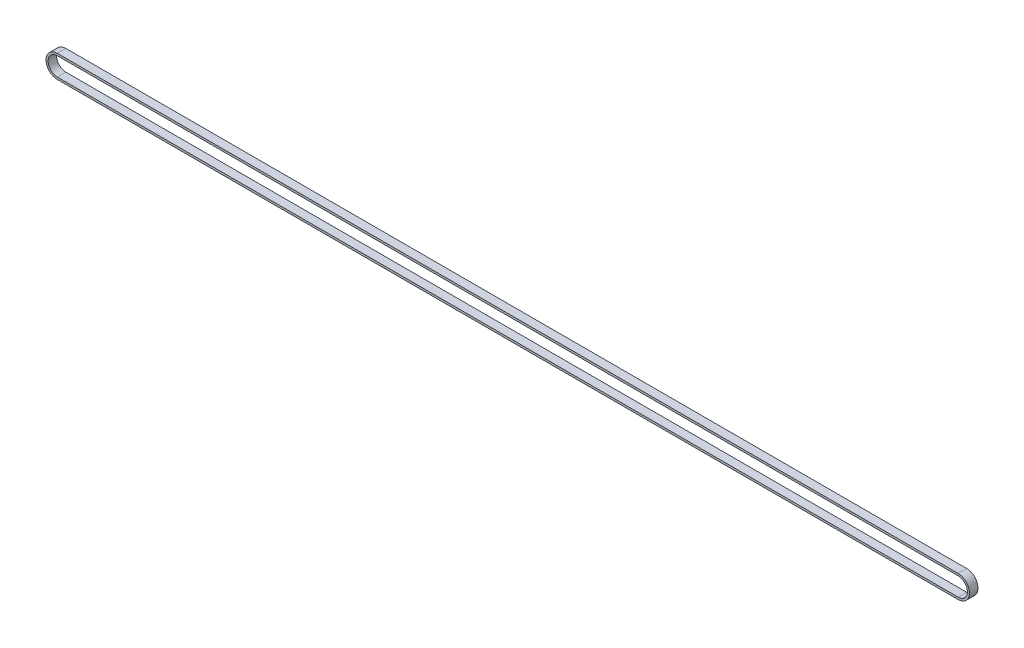
from build123d import *

# Parameters (mm, degrees)
EXTRUDE_THIN1_DEPTH = 3


with BuildPart() as part:
    # Sketch1 → Extrude-Thin1 (new, symmetric)
    with BuildSketch(Plane.XY):
        with BuildLine():
            Line((317.5, 1), (-317.5, 1))
            ThreePointArc((-317.5, 1), (-325.5, -7), (-317.5, -15))
            Line((-317.5, -15), (317.5, -15))
            ThreePointArc((317.5, -15), (325.5, -7), (317.5, 1))
        make_face()
        with BuildLine():
            Line((317.5, -0.5), (-317.5, -0.5))
            ThreePointArc((-317.5, -0.5), (-324, -7), (-317.5, -13.5))
            Line((-317.5, -13.5), (317.5, -13.5))
            ThreePointArc((317.5, -13.5), (324, -7), (317.5, -0.5))
        make_face(mode=Mode.SUBTRACT)
    extrude(amount=EXTRUDE_THIN1_DEPTH, both=True)


solid = part.part

======

TASK INSTRUCTIONS:
When you repeat the listing, keep it exact and leave the pictures behind.

WRITTEN SOLUTION:
from build123d import *

# Parameters (mm, degrees)
EXTRUDE_THIN1_DEPTH = 3


with BuildPart() as part:
    # Sketch1 → Extrude-Thin1 (new, symmetric)
    with BuildSketch(Plane.XY):
        with BuildLine():
            Line((317.5, 1), (-317.5, 1))
            ThreePointArc((-317.5, 1), (-325.5, -7), (-317.5, -15))
            Line((-317.5, -15), (317.5, -15))
            ThreePointArc((317.5, -15), (325.5, -7), (317.5, 1))
        make_face()
        with BuildLine():
            Line((317.5, -0.5), (-317.5, -0.5))
            ThreePointArc((-317.5, -0.5), (-324, -7), (-317.5, -13.5))
            Line((-317.5, -13.5), (317.5, -13.5))
            ThreePointArc((317.5, -13.5), (324, -7), (317.5, -0.5))
        make_face(mode=Mode.SUBTRACT)
    extrude(amount=EXTRUDE_THIN1_DEPTH, both=True)


solid = part.part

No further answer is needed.